# The Comtois Horse



## emziewemzie

i was wondering if anyone else had a comtois horse? and i wanted to tell people what wonderful horses they are and why everyone should consider a comtois for themselves...
My Comtois is 4 years old and she is amazing she is my 1st youngster and we are doing so well together, i have already started unaffiliated dressage with her and we are getting high scores every time and i am hoping next summer to start prelim tests. She is also considering her age completely bomb proof and gentle with/around children, even though with adults she will be a bit bargy and test you to see how much she can get away with lol, she is fanastic as a happy hacker or competition horse, as she has jumped a ew small jumps with me. They are quite rare in the uk and are only bred in france, they are mainly used for Meat, carriage driving, logging in the mountains and vineyard work, but they also make fantastic riding horses, companions and pets. They are laid back, gentle, quiet, bomb proof (mostly) and very very intelligent. They are horses but are more pony hieght as most start at 14-15hh but simetimes you can find them at 15-16.2hh (mine is 15.2hh), but they make up for it in build as they are prob as wide as they are tall... they have a huge head mostly x full - xx full or draft size, they have a huge bum shortish back and short, thick set legs... They are deffo gentle giants of the horse world and they have such characters, more human like than any horse i have ever met... They are always chestnut is colour with flaxen mane and tail they are basicly stunning in and out... I have put a few pics of my mare and i hope others will follow this and full in love with them as i have... Thanks for reading xx


----------



## toffee44

I have driven one.

Personally dont like them as there is no oomph about them too laid back but that was all. And for some that is the beauty of the breed.

I imagine they are very easy to keep as they are not too big and live of fresh air.

I know a few people who work them in harness.

Lovely photos though, they do look smart.


----------



## autoglass020

Can anyone name every type of horse breed?


----------



## Amy Plimley

emziewemzie said:


> i was wondering if anyone else had a comtois horse? and i wanted to tell people what wonderful horses they are and why everyone should consider a comtois for themselves...
> My Comtois is 4 years old and she is amazing she is my 1st youngster and we are doing so well together, i have already started unaffiliated dressage with her and we are getting high scores every time and i am hoping next summer to start prelim tests. She is also considering her age completely bomb proof and gentle with/around children, even though with adults she will be a bit bargy and test you to see how much she can get away with lol, she is fanastic as a happy hacker or competition horse, as she has jumped a ew small jumps with me. They are quite rare in the uk and are only bred in france, they are mainly used for Meat, carriage driving, logging in the mountains and vineyard work, but they also make fantastic riding horses, companions and pets.
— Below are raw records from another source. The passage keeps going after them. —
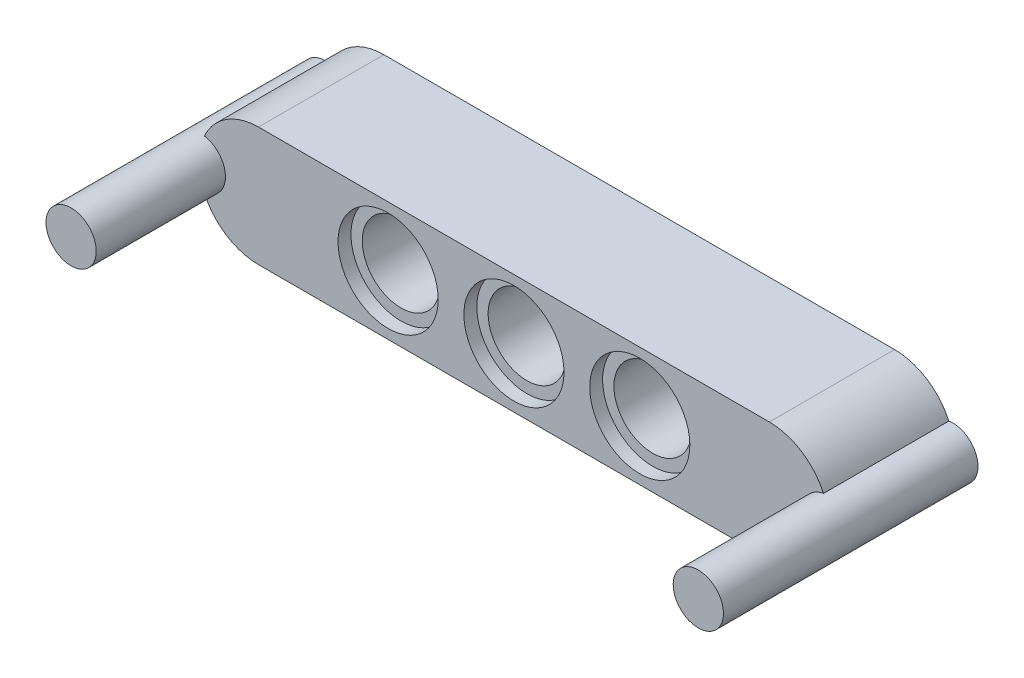
from build123d import *

# Parameters (mm, degrees)
SKETCH1_W                = 39
SKETCH1_H                = 7.38
BOSS_EXTRUDE1_DEPTH      = 7.76
SKETCH2_R                = 2.4
CUT_EXTRUDE1_DEPTH       = 7.76
CUT_EXTRUDE2_OUTLINE_R   = 3.1
CUT_EXTRUDE2_OUTLINE_R_2 = 2.4
CUT_EXTRUDE2_DEPTH       = 0.8
CUT_EXTRUDE3_START       = 6.96
CUT_EXTRUDE3_OUTLINE_R   = 3.1
CUT_EXTRUDE3_OUTLINE_R_2 = 2.4
CUT_EXTRUDE3_DEPTH       = 0.8
LPATTERN3_COUNT          = 3
LPATTERN3_PITCH          = 7.79
LPATTERN6_COUNT          = 3
LPATTERN6_PITCH          = 7.79
FILLET1_R                = 3.69
FILLET2_R                = 3.69
FILLET3_R                = 3.69
FILLET4_R                = 3.69
SKETCH3_R                = 3.1
BOSS_EXTRUDE2_DEPTH      = 7.76
BOSS_EXTRUDE3_START      = -7.76
SKETCH4_R                = 3.1
BOSS_EXTRUDE3_DEPTH      = 7.76
SKETCH11_R               = 1.555
BOSS_EXTRUDE7_DEPTH      = 8
SKETCH12_R               = 1.555
BOSS_EXTRUDE8_DEPTH      = 8
SKETCH14_R               = 1.555
BOSS_EXTRUDE9_DEPTH      = 8


# Read off the part's stored shape, not the designer's step: Cut-Extrude2, Cut-Extrude3
with BuildPart() as part:
    # Sketch1 → Boss-Extrude1 (new body)
    with BuildSketch(Plane.XY):
        with Locations((19.5, 3.69)):
            Rectangle(SKETCH1_W, SKETCH1_H)
    extrude(amount=BOSS_EXTRUDE1_DEPTH)

    # Sketch2 → Cut-Extrude1 (cut)
    with BuildSketch(Plane.XY.offset(7.76)):
        with Locations((19.5, 3.69)):
            Circle(SKETCH2_R)
    cut_extrude1 = extrude(amount=-CUT_EXTRUDE1_DEPTH, mode=Mode.SUBTRACT)

    # Cut-Extrude2 outline → Cut-Extrude2 (cut)
    with BuildSketch(Plane.XY):
        with Locations((19.5, 3.69)):
            Circle(CUT_EXTRUDE2_OUTLINE_R)
        with Locations((19.5, 3.69)):
            Circle(CUT_EXTRUDE2_OUTLINE_R_2, mode=Mode.SUBTRACT)
    cut_extrude2 = extrude(amount=CUT_EXTRUDE2_DEPTH, mode=Mode.SUBTRACT)

    # Cut-Extrude3 outline → Cut-Extrude3 (cut)
    with BuildSketch(Plane.XY.offset(CUT_EXTRUDE3_START)):
        with Locations((19.5, 3.69)):
            Circle(CUT_EXTRUDE3_OUTLINE_R)
        with Locations((19.5, 3.69)):
            Circle(CUT_EXTRUDE3_OUTLINE_R_2, mode=Mode.SUBTRACT)
    cut_extrude3 = extrude(amount=CUT_EXTRUDE3_DEPTH, mode=Mode.SUBTRACT)

    # LPattern3: Cut-Extrude1, Cut-Extrude2, Cut-Extrude3 ×3
    with Locations(*[(-i * LPATTERN3_PITCH, 0, 0) for i in range(1, LPATTERN3_COUNT)]):
        add(cut_extrude1, mode=Mode.SUBTRACT)
        add(cut_extrude2, mode=Mode.SUBTRACT)
        add(cut_extrude3, mode=Mode.SUBTRACT)

    # LPattern6: Cut-Extrude1, Cut-Extrude2, Cut-Extrude3 ×3
    with Locations(*[(i * LPATTERN6_PITCH, 0, 0) for i in range(1, LPATTERN6_COUNT)]):
        add(cut_extrude1, mode=Mode.SUBTRACT)
        add(cut_extrude2, mode=Mode.SUBTRACT)
        add(cut_extrude3, mode=Mode.SUBTRACT)

    # Fillet1
    fillet1_edges = [part.edges().sort_by_distance(p)[0] for p in [
        (0, 7.38, 3.88),
    ]]
    fillet(fillet1_edges, radius=FILLET1_R)

    # Fillet2
    fillet2_edges = [part.edges().sort_by_distance(p)[0] for p in [
        (0, 0, 3.88),
    ]]
    fillet(fillet2_edges, radius=FILLET2_R - 0.0001)  # a hair under: the kernel refuses the full size

    # Fillet3
    fillet3_edges = [part.edges().sort_by_distance(p)[0] for p in [
        (39, 7.38, 3.88),
    ]]
    fillet(fillet3_edges, radius=FILLET3_R)

    # Fillet4
    fillet4_edges = [part.edges().sort_by_distance(p)[0] for p in [
        (39, 0, 3.88),
    ]]
    fillet(fillet4_edges, radius=FILLET4_R - 0.0001)  # a hair under: the kernel refuses the full size

    # Sketch3 → Boss-Extrude2 (add)
    with BuildSketch(Plane(origin=(0, 0, 0), x_dir=(-1, 0, 0), z_dir=(0, 0, -1))):
        with Locations((-35.08, 3.69)):
            Circle(SKETCH3_R)
    extrude(amount=-BOSS_EXTRUDE2_DEPTH)

    # Sketch4 → Boss-Extrude3 (add)
    with BuildSketch(Plane.XY.offset(7.76).offset(BOSS_EXTRUDE3_START)):
        with Locations((3.92, 3.69)):
            Circle(SKETCH4_R)
    extrude(amount=BOSS_EXTRUDE3_DEPTH)

    # Sketch11 → Boss-Extrude7 (add)
    with BuildSketch(Plane.XY.offset(7.76)):
        with Locations(Location((0.085, 3.69, 0), (0, 0, 279.228133411))):
            Circle(SKETCH11_R)
        with Locations(Location((38.915, 3.69, 0), (0, 0, 99.228133411))):
            Circle(SKETCH11_R)
    extrude(amount=BOSS_EXTRUDE7_DEPTH)

    # Sketch12 → Boss-Extrude8 (add)
    with BuildSketch(Plane(origin=(0, 0, 0), x_dir=(-1, 0, 0), z_dir=(0, 0, -1))):
        with Locations(Location((-38.915, 3.69, 0), (0, 0, 80.771866589))):
            Circle(SKETCH12_R)
    extrude(amount=-BOSS_EXTRUDE8_DEPTH)

    # Sketch14 → Boss-Extrude9 (add)
    with BuildSketch(Plane(origin=(0, 0, 0), x_dir=(-1, 0, 0), z_dir=(0, 0, -1))):
        with Locations(Location((-0.085, 3.69, 0), (0, 0, 99.228133411))):
            Circle(SKETCH14_R)
    extrude(amount=-BOSS_EXTRUDE9_DEPTH)


solid = part.part

They are laid back, gentle, quiet, bomb proof (mostly) and very very intelligent. They are horses but are more pony hieght as most start at 14-15hh but simetimes you can find them at 15-16.2hh (mine is 15.2hh), but they make up for it in build as they are prob as wide as they are tall... they have a huge head mostly x full - xx full or draft size, they have a huge bum shortish back and short, thick set legs... They are deffo gentle giants of the horse world and they have such characters, more human like than any horse i have ever met... They are always chestnut is colour with flaxen mane and tail they are basicly stunning in and out... I have put a few pics of my mare and i hope others will follow this and full in love with them as i have... Thanks for reading xx


Hello, 
Lovely to read this thread thank you for sharing and she looks beautiful. 
I live in the French mountains and I have just rescued a 6 month old comtois from going to the market. 
I just secured land for her and another friend for company, built my new barn and she arrives this Sunday. 
when you say yours is still a pushy and tries her luck, I wanted some tips as my little one is very excited and pushy so I stand my ground and make her walk backwards. ive never had such a you g horse before it's going to be a fun adventure. Be great to stay intouch.


----------



## SusieRainbow

Amy Plimley said:


> Hello,
> Lovely to read this thread thank you for sharing and she looks beautiful.
> I live in the French mountains and I have just rescued a 6 month old comtois from going to the market.
> I just secured land for her and another friend for company, built my new barn and she arrives this Sunday.
> when you say yours is still a pushy and tries her luck, I wanted some tips as my little one is very excited and pushy so I stand my ground and make her walk backwards. ive never had such a you g horse before it's going to be a fun adventure. Be great to stay intouch.


There have been no comments on this thread for 7 years so it's doubtful you'll get a response.


----------